Judicial
Corruption Arrogance – Part Six
The Eugene
Forte Story
By: R.S. Errol
In
the last segment of this story you read that Eugene Forte filed a lawsuit
against Judge Robert O’Farrell only to have O’Farrell assign
the case to himself. It is hard to comprehend that anyone with the power
that is bestowed on a judge could have the unmitigated gall to totally
and deliberately violate a citizen’s right to a fair trial. But
this is what actually happened in Monterey County, California.
On
December 17, 2004, Forte files his complaint with the clerk of the Monterey
County Superior Court, case number M72599.(Read
Complaint) This action names O’Farrell in both his public
capacity as a judge and his individual capacity as a citizen for civil
rights violations against Forte. In addition to the judge Forte names
as defendants Dennis McCarthy and the law firm Fenton & Keller as
well as real estate agent Stephanie Crabb, along with a host of county
employees that participated in the injustices against Forte.
A
few months later in February 2005 a Notice of Demurrer to Complaint
was filed by the Office of the Attorney General of the State of California
and was signed by the Supervising Deputy for Bill Lockyer, Paul T. Hammerness.
The document announced that these gentlemen are the attorneys of record
for State Judicial Defendant Robert O’Farrell. This is as it should
be when it concerns O’Farrell in his public capacity as an employee
of the State of California but there was something amiss since O’Farrell
was also a defendant in his individual capacity as a citizen.

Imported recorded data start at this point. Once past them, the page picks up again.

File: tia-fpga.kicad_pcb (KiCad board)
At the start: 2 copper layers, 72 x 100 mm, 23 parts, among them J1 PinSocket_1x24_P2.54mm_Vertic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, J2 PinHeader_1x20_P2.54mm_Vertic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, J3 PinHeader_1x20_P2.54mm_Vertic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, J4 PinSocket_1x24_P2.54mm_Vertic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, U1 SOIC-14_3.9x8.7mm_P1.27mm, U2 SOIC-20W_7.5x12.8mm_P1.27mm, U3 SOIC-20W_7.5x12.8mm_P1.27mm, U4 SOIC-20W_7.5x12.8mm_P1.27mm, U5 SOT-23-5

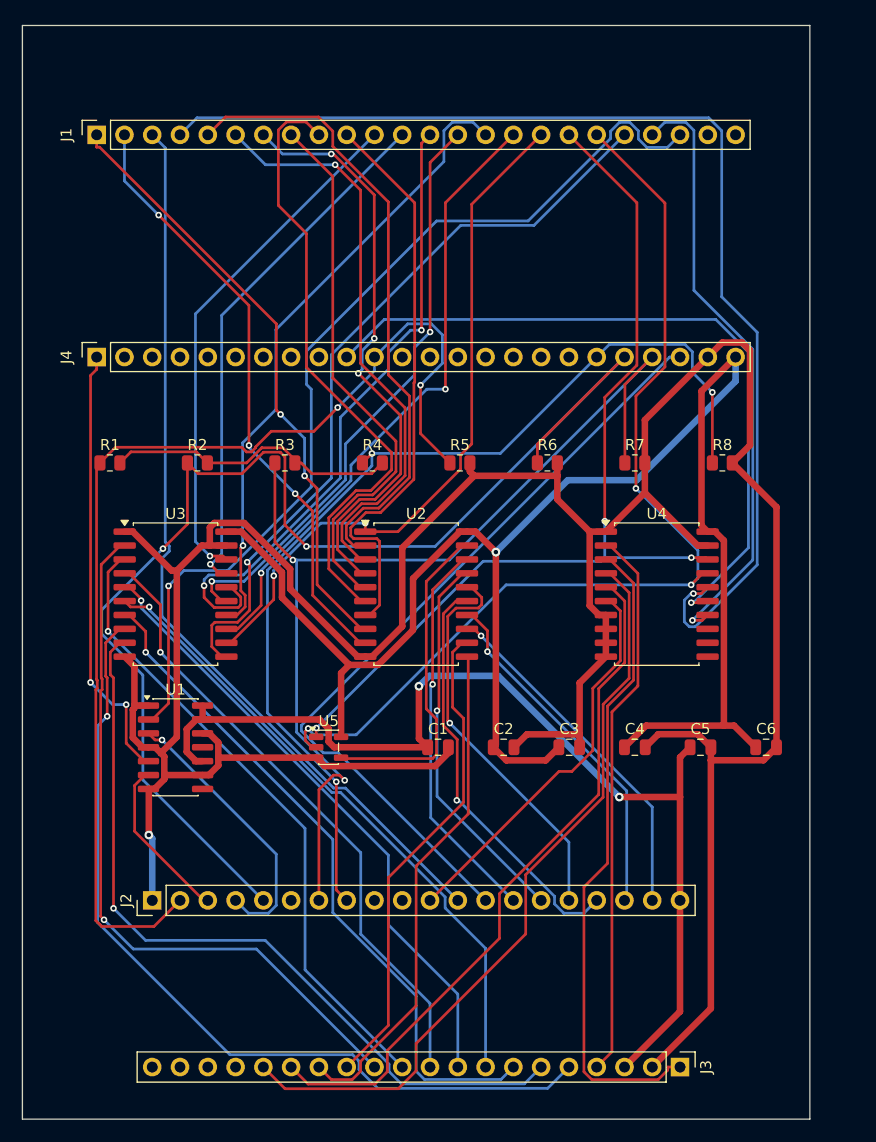
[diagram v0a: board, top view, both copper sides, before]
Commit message: Rebuild the PCB compact: the 2600 has no room for a 72 x 100 mm board
The first layout was flat — Tang Nano at one end, TIA pins at the other,
72 x 100 mm. That is wrong for the machine it plugs into. In a real 2600
the TIA, the 6507 and the RIOT sit millimetres apart, ringed by resistor
networks and the cartridge slot; that board would have fouled half the
console.

Rebuilt as a stack. All four connector rows are now concentric on the
2.54 mm grid — Tang Nano rows at y 5.84 and 26.16 (20.32 mm apart), TIA
rows at 8.38 and 23.62 (15.24 mm, fixed by the package) — so the two
pitches interleave and the board shrinks to 70 x 32 mm, roughly the Tang
Nano's own footprint. That is 29% of the previous area.

Logic goes in the 15.24 mm channel between the DIP rows. The SOIC-20W
lead span is 10.30 mm against 13.54 mm of clear channel, so the packages
the user chose still fit and no repackaging was needed; passives moved to
the outer margins.

Routing needed a perturbation pass. The first run stalled at two
connections (/F_A5, /TIA_CS3_N) with the score oscillating over 19
passes: the channel leaves 1.10 mm between header pads and SOIC pads, and
at 0.20 mm clearance one track eats 0.55 mm of it. Dropping clearance to
0.15 mm routed all 109 connections in 17.9 s. 738 segments, 49 vias,
2.04 m of copper — down from 3.72 m.

Note for anyone rerunning this: pcbnew rewrites the .kicad_pro on
SaveBoard, so the netclass clearance has to be written back AFTER the
last save or DRC checks the routed board against the wrong rule. That
cost 346 phantom clearance violations before it was spotted.

DRC: 0 clearance, 0 unconnected, 0 shorts. Nine courtyard overlaps
remain and are verified false positives — KiCad's SOIC courtyard is
11.95 mm tall against 11.61 mm of channel, but the parts clear each other
by 1.10 mm in copper and 2.60 mm body to body. Six cosmetic silkscreen
violations are documented rather than papered over.

The README now also flags that the board overhangs the neighbouri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
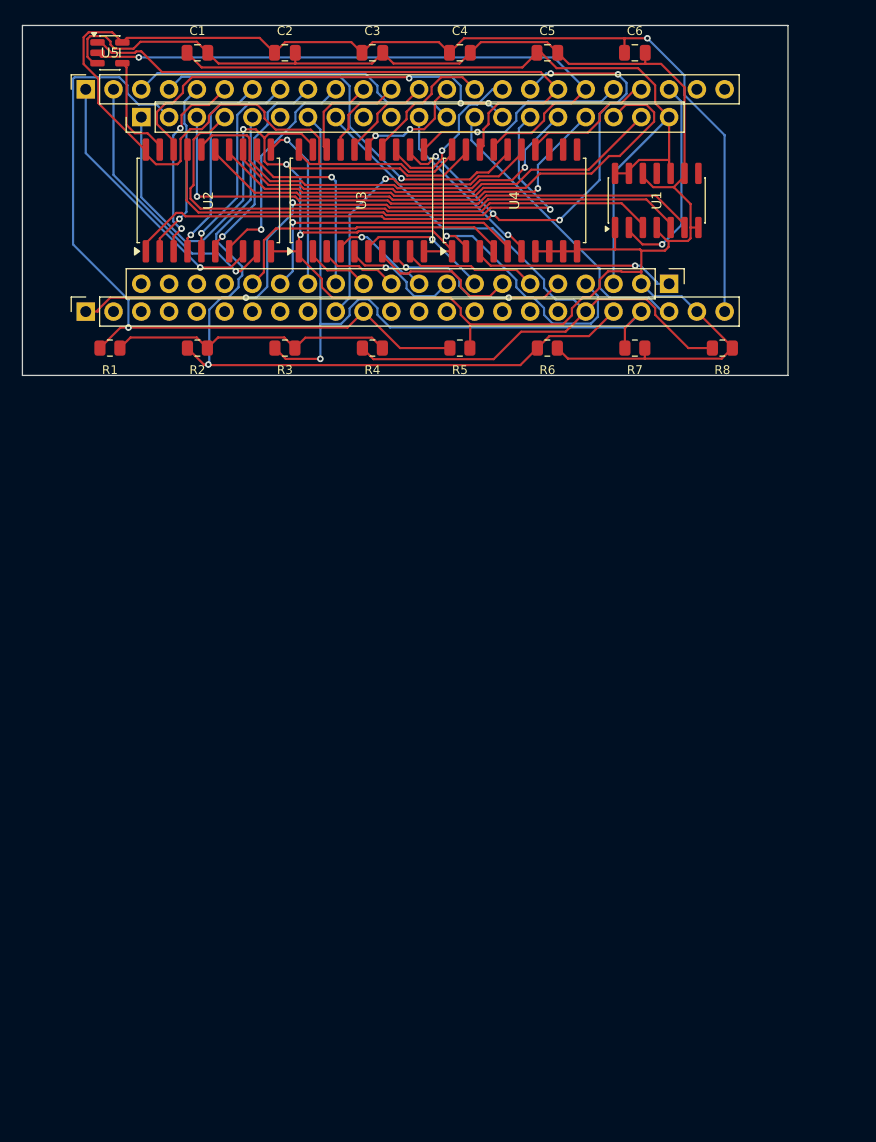
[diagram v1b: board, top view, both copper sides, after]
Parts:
- moved J2 71.6 mm to (10.9, 8.38)
- moved J3 71.6 mm to (59.1, 23.6)
- moved C1 67.2 mm to (16.0, 2.50)
- moved U1 66.6 mm to (58.0, 16.0), turned to 90 degrees
- moved C2 66.6 mm to (24.0, 2.50)
- moved U5 66.6 mm to (8.00, 2.50)
- moved C3 66.0 mm to (32.0, 2.50)
- moved C4 65.5 mm to (40.0, 2.50)
- moved C5 65.0 mm to (48.0, 2.50)
- moved C6 64.6 mm to (56.0, 2.50)
- moved U2 40.7 mm to (17.0, 16.0), turned to 90 degrees
- moved U3 39.8 mm to (31.0, 16.0), turned to 90 degrees
- moved U4 38.3 mm to (45.0, 16.0), turned to 90 degrees
- moved R1 10.5 mm to (8.00, 29.5)
- moved R2 10.5 mm to (16.0, 29.5)
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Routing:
- net /F_PHI0: track 87.6 -> 19.2 mm
- net /F_I4: track 105.5 -> 38.8 mm
- net /TIA_RW: track 78.9 -> 17.8 mm, vias 1 -> 2
- net /TIA_A0: track 65.9 -> 6.10 mm, vias 1 -> 0
- net /TIA_PHI2: track 72.0 -> 12.4 mm, vias 1 -> 0
- net /F_AU1: track 82.8 -> 30.6 mm
- net /TIA_A1: track 58.4 -> 7.34 mm, vias 1 -> 0
- net /F_A2: track 59.5 -> 8.88 mm, vias 2 -> 0
- net /F_LUM1: track 117.9 -> 68.3 mm, vias 2 -> 1
- net /F_PHI2: track 69.5 -> 20.0 mm
- net /TIA_A5: track 62.7 -> 13.9 mm, vias 1 -> 0
- net /TIA_A2: track 56.9 -> 9.69 mm
- net /TIA_A3: track 56.7 -> 11.2 mm
- net /TIA_A4: track 57.7 -> 12.3 mm
- net /F_A4: track 58.1 -> 12.8 mm, vias 1 -> 0
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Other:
- board size 72 x 100 mm -> 70 x 32 mm

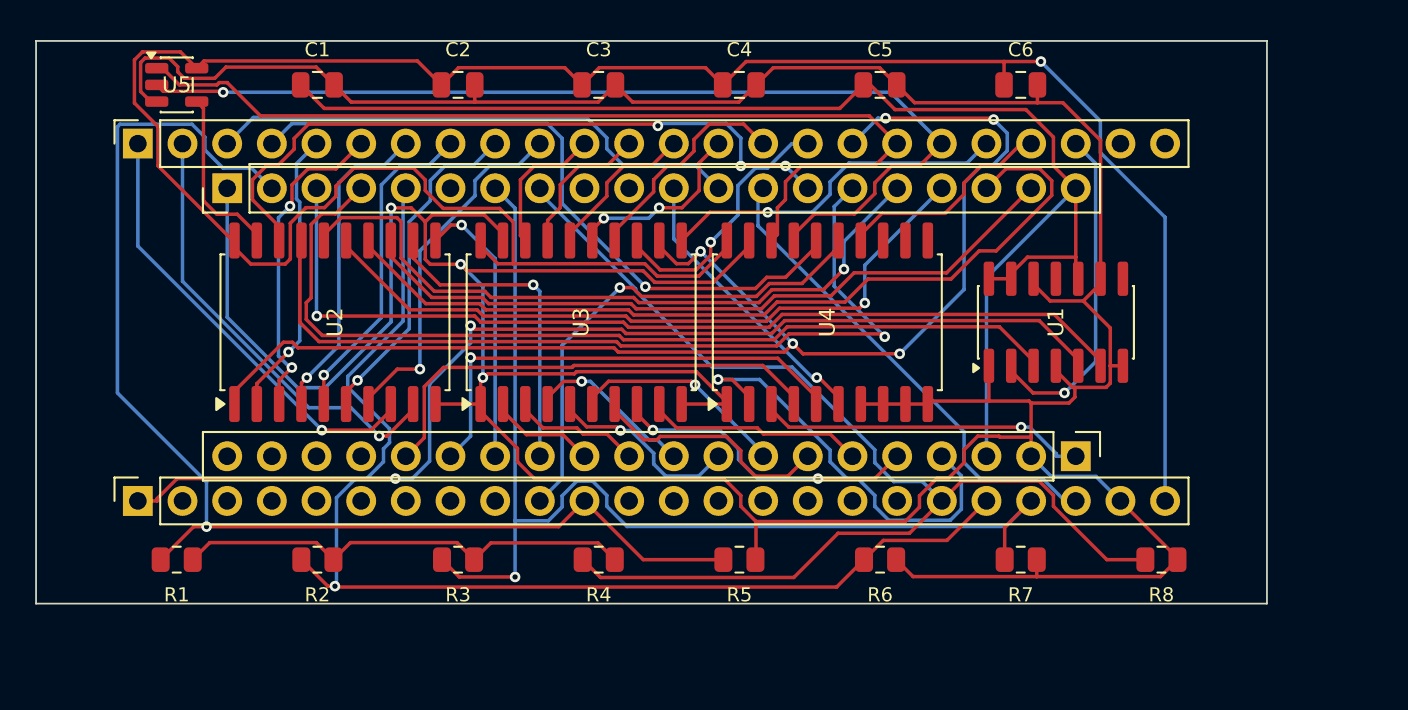
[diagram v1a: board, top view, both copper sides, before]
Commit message: Put the TIA pins on the back, add mounting holes and a ground pour, fit chroma
Four changes, one of them a real bug.

THE BUG: all four connectors were on the front. The Tang Nano sockets and
the TIA pin headers were mounted on the same side, which means the board
could never have gone into a socket — the pins pointed up alongside the
sockets instead of down. J2/J3 now sit on B.Cu. Flipping mirrors the pad
order, so the placement loop checks which end pin 1 landed on and spins
the part 180 degrees about its own pad centre when it is wrong; J2 keeps
pin 1 at the left, J3 at the right, preserving the DIP-40 wrap-around.

This also removed the nine courtyard overlaps for free: with the headers
on the back and the SMD logic on the front, they no longer share space,
so KiCad's generous SOIC courtyard has nothing to collide with.

CHROMA IS BACK. F_COL took the pin that carried PHI2. The trade is sound:
the FPGA generates PHI0 itself, so it knows where it is in the bus cycle
and can time accesses from its own clock rather than the 6507's output.
It costs a little timing fidelity and buys back colour on the composite
and RF path. That matters because the likeliest use of this board is not
a bench rig — it is reviving a console with a dead TIA while keeping its
original video. R9 comes back with it, and the README now spells out that
R1-R9 must be left unpopulated in a real 2600, where the console already
has that ladder and a second one in parallel would shift every level.
PHI2 is still buffered by U3 and brought to an unconnected pad.

MOUNTING HOLES: four M2 in the corners. The board grew to 76 x 36 mm to
make room for them without crowding the connector rows.

GROUND POUR: 1418 mm2 on B.Cu, filled after routing. It has to be after —
Freerouting reads a pour as an obstacle and goes effectively single-layer
with one present.

Routing needed one more perturbation than before: 0.15 mm clearance left
F_I5 unrouted, 0.13 mm routed all 111 connections in 22.6 s. 758
segments, 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
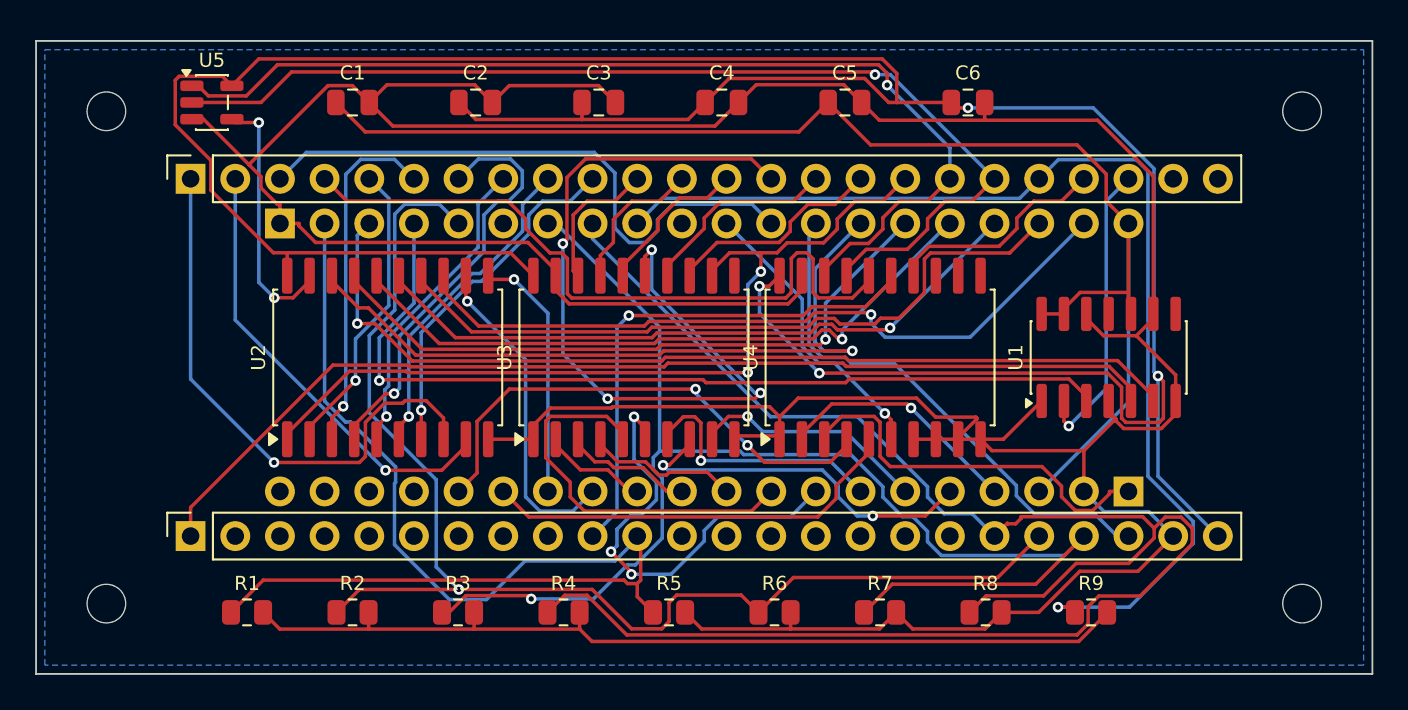
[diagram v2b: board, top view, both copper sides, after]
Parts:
- added H1: MountingHole_2.2mm_M2, MountingHole_2.2mm_M2, F.Cu at (4.00, 4.00)
- added H2: MountingHole_2.2mm_M2, MountingHole_2.2mm_M2, F.Cu at (72.0, 4.00)
- added H3: MountingHole_2.2mm_M2, MountingHole_2.2mm_M2, F.Cu at (4.00, 32.0)
- added H4: MountingHole_2.2mm_M2, MountingHole_2.2mm_M2, F.Cu at (72.0, 32.0)
- added R9: R_0805_2012Metric, R_0805_2012Metric, F.Cu at (60.0, 32.5)
- J2, J3: moved to B.Cu
- moved R8 10.4 mm to (54.0, 32.5)
- moved R7 8.54 mm to (48.0, 32.5)
- moved R6 6.71 mm to (42.0, 32.5)
- moved R1 5.00 mm to (12.0, 32.5)
- moved R5 5.00 mm to (36.0, 32.5)
- moved J2 3.61 mm to (13.9, 10.4), turned to -90 degrees
- moved J3 3.61 mm to (62.1, 25.6), turned to 90 degrees
- moved R2 3.61 mm to (18.0, 32.5)
- moved R4 3.61 mm to (30.0, 32.5)
- moved U1 3.61 mm to (61.0, 18.0)
- moved U2 3.61 mm to (20.0, 18.0)
- moved U3 3.61 mm to (34.0, 18.0)
- moved U4 3.61 mm to (48.0, 18.0)
- moved J1 3.61 mm to (8.79, 7.84)
- moved J4 3.61 mm to (8.79, 28.2)
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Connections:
- J1 pad 20: /F_PHI2 -> /F_COL
- J2 pad 9: unconnected-(J2-Pin_9-Pad9) -> /F_COL
- U3 pad 11: /F_PHI2 -> unconnected-(U3-Y7-Pad11)
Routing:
- net /F_COL: track 0.00 -> 63.3 mm, vias 0 -> 1
- net /F_A3: track 10.7 -> 47.6 mm, vias 2 -> 4
- net +3V3: track 137.5 -> 171.3 mm, vias 1 -> 4
- net /F_LUM0: track 67.8 -> 98.1 mm
- net /F_RW: track 76.4 -> 48.9 mm, vias 5 -> 2
- net GND: track 259.1 -> 232.7 mm, vias 3 -> 0
- net /VIDEO_SUM: track 26.4 -> 52.2 mm
- net /F_PHI2: track 20.0 -> 0.00 mm, vias 1 -> 0
- net /F_LUM2: track 63.8 -> 77.6 mm
- net /TIA_A4: track 12.3 -> 25.7 mm, vias 1 -> 3
- net /TIA_D1: track 48.9 -> 37.4 mm
- net /TIA_A3: track 11.2 -> 22.4 mm, vias 1 -> 0
- net /TIA_CS0_N: track 24.2 -> 14.0 mm
- net /TIA_D4: track 48.9 -> 40.6 mm
- net /F_D6: track 25.4 -> 31.9 mm
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- added copper zone on B.Cu, net GND
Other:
- board size 70 x 32 mm -> 76 x 36 mm

Forte’s
main concern was what attorney should he contact with trial related
questions for O’Farrell the individual? When Forte raises this
question with the Attorney General’s Office he was told that they
will defend “both.” Upon further questioning as who constitutes
“both,” Forte’s question was met with silence. Is
this silence an implied admission that O’Farrell is receiving
free counsel at the taxpayers’ expense and the Attorney General
is cutting corners with propriety? Additionally, the Attorney General
should have conducted an investigation of the charges of corruption
regarding O’Farrell’s conduct before undertaking the role
as defense counsel. They neglected to do so.
The
main thrust of the Notice was to claim that Forte had no grounds to
sue the judge because O’Farrell was “clearly acting within
his judicial capacity and not in the clear absence of jurisdiction when
he held plaintiff in contempt, and ordered plaintiff restrained.”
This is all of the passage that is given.